Convertible Loan / Convertible Debt / Convertible Note: A convertible loan is a debt instrument. The investor provides funds as a loan, usually with interest and a maturity date. At a trigger event—such as the next financing round or a company sale, the loan converts into shares. If conversion doesn’t occur, repayment is normally required.

How this fits into Armenia’s system: Before recent reforms, Armenia’s legal framework did not clearly allow either of these instruments. Startups and investors had to rely on workarounds, which created risk and uncertainty under the taxation system in Armenia. With the new rules, convertible loans vs SAFE agreements in Armenia are no longer treated the same way: convertible loans now have legal recognition, while SAFEs remain less clearly defined. These changes, combined with the changes in Armenian tax law, make it essential for founders and investors to understand which structure they are using and how it will be treated.

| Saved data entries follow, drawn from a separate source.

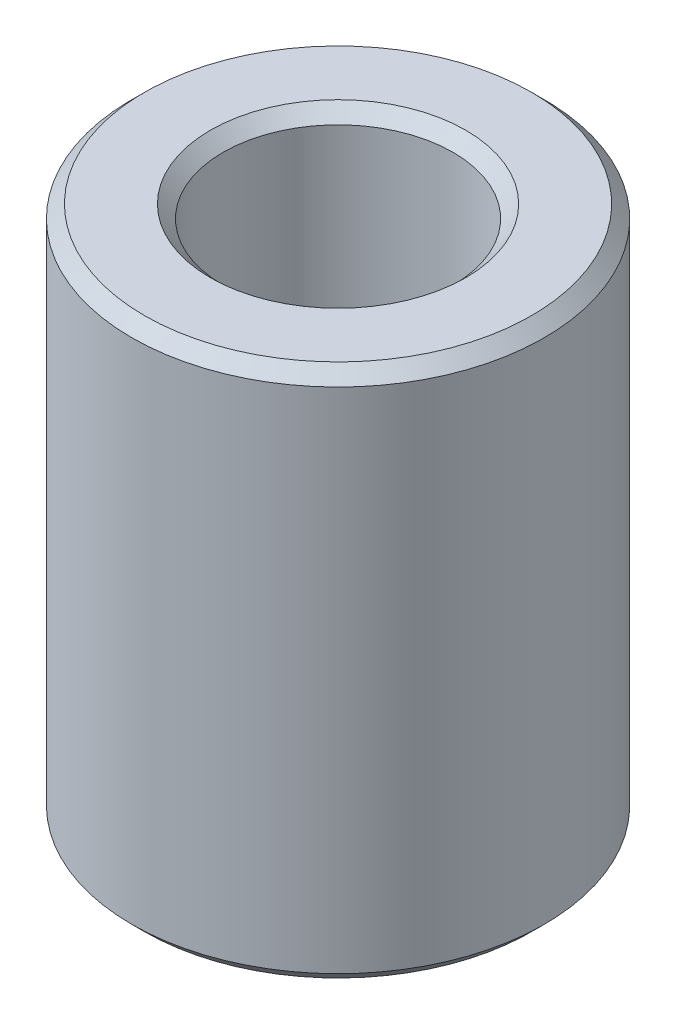
SolidWorks part; units mm, degrees
ref_plane "Front Plane" through (0, 0, 0) normal (0, 0, 1) x (1, 0, 0)
ref_plane "Top Plane" through (0, 0, 0) normal (0, 1, 0) x (1, 0, 0)
ref_plane "Right Plane" through (0, 0, 0) normal (1, 0, 0) x (0, 0, -1)
sketch "Sketch1" plane through (0, 0, 0) normal (0, 1, 0) x (1, 0, 0)
  circle A0 centre (0, 0) radius 52.5
  dimension "SLEEVE_OD" = 105
extrude "Boss-Extrude1" add sketch "Sketch1" along normal blind 135.8188
sketch "Sketch2" plane through (0, 0, 0) normal (0, 1, 0) x (1, 0, 0)
  circle A0 centre (0, 0) radius 29.2698
  dimension "BORE_D" = 58.5396
extrude "Cut-Extrude1" cut sketch "Sketch2" along normal through all
chamfer "Chamfer1" distance 3.2447 angle 45 4 edges at (0, 135.8188, 29.2698) (0, 0, 29.2698) (0, 0, 52.5) (0, 135.8188, 52.5)

Armenian Legal & Legislative Updates

  • December 2024 – early 2025 reforms: IC Armenia and the government introduced legal changes that now allow convertible debt / convertible loan agreements under Armenian law.
  • Civil Code and corporate laws updated: Amendments to the Civil Code, Law on Limited Liability Companies, and Law on Joint Stock Companies define how convertible loan agreements work, including conversion triggers and share issuance rules.
  • Tax Code alignment: Updates to the Tax Code explain how these agreements are treated under the taxation system in Armenia, including conditions for foreign currency loans.
  • SAFE agreements in context: While convertible loans vs SAFE agreements in Armenia are now legally distinct, SAFEs are still in discussion. Some interpretations classify SAFEs as securities under Armenian law, but full adoption of the U.S. / Y Combinator-style SAFE may require further regulatory clarity.

Key Differences: SAFE vs Convertible Loan Agreements

Debt vs. No Debt

  • Convertible loan is a debt instrument, usually with interest, repayment obligations, or conversion at maturity.
  • SAFE is not debt: no interest, no fixed maturity, and no repayment duty. While a SAFE amount may be returned in the event of company dissolution, it ranks lower in repayment priority compared to debt. Convertible loans usually provide stronger repayment rights.
  • The only limited case where money may be returned is if the company dissolves before a financing round, SAFE holders may then receive a portion of remaining assets, but usually after creditors and often only partially.
  • In Armenia, if a SAFE investment doesn’t go through as planned, in some cases it may be restructured into a loan.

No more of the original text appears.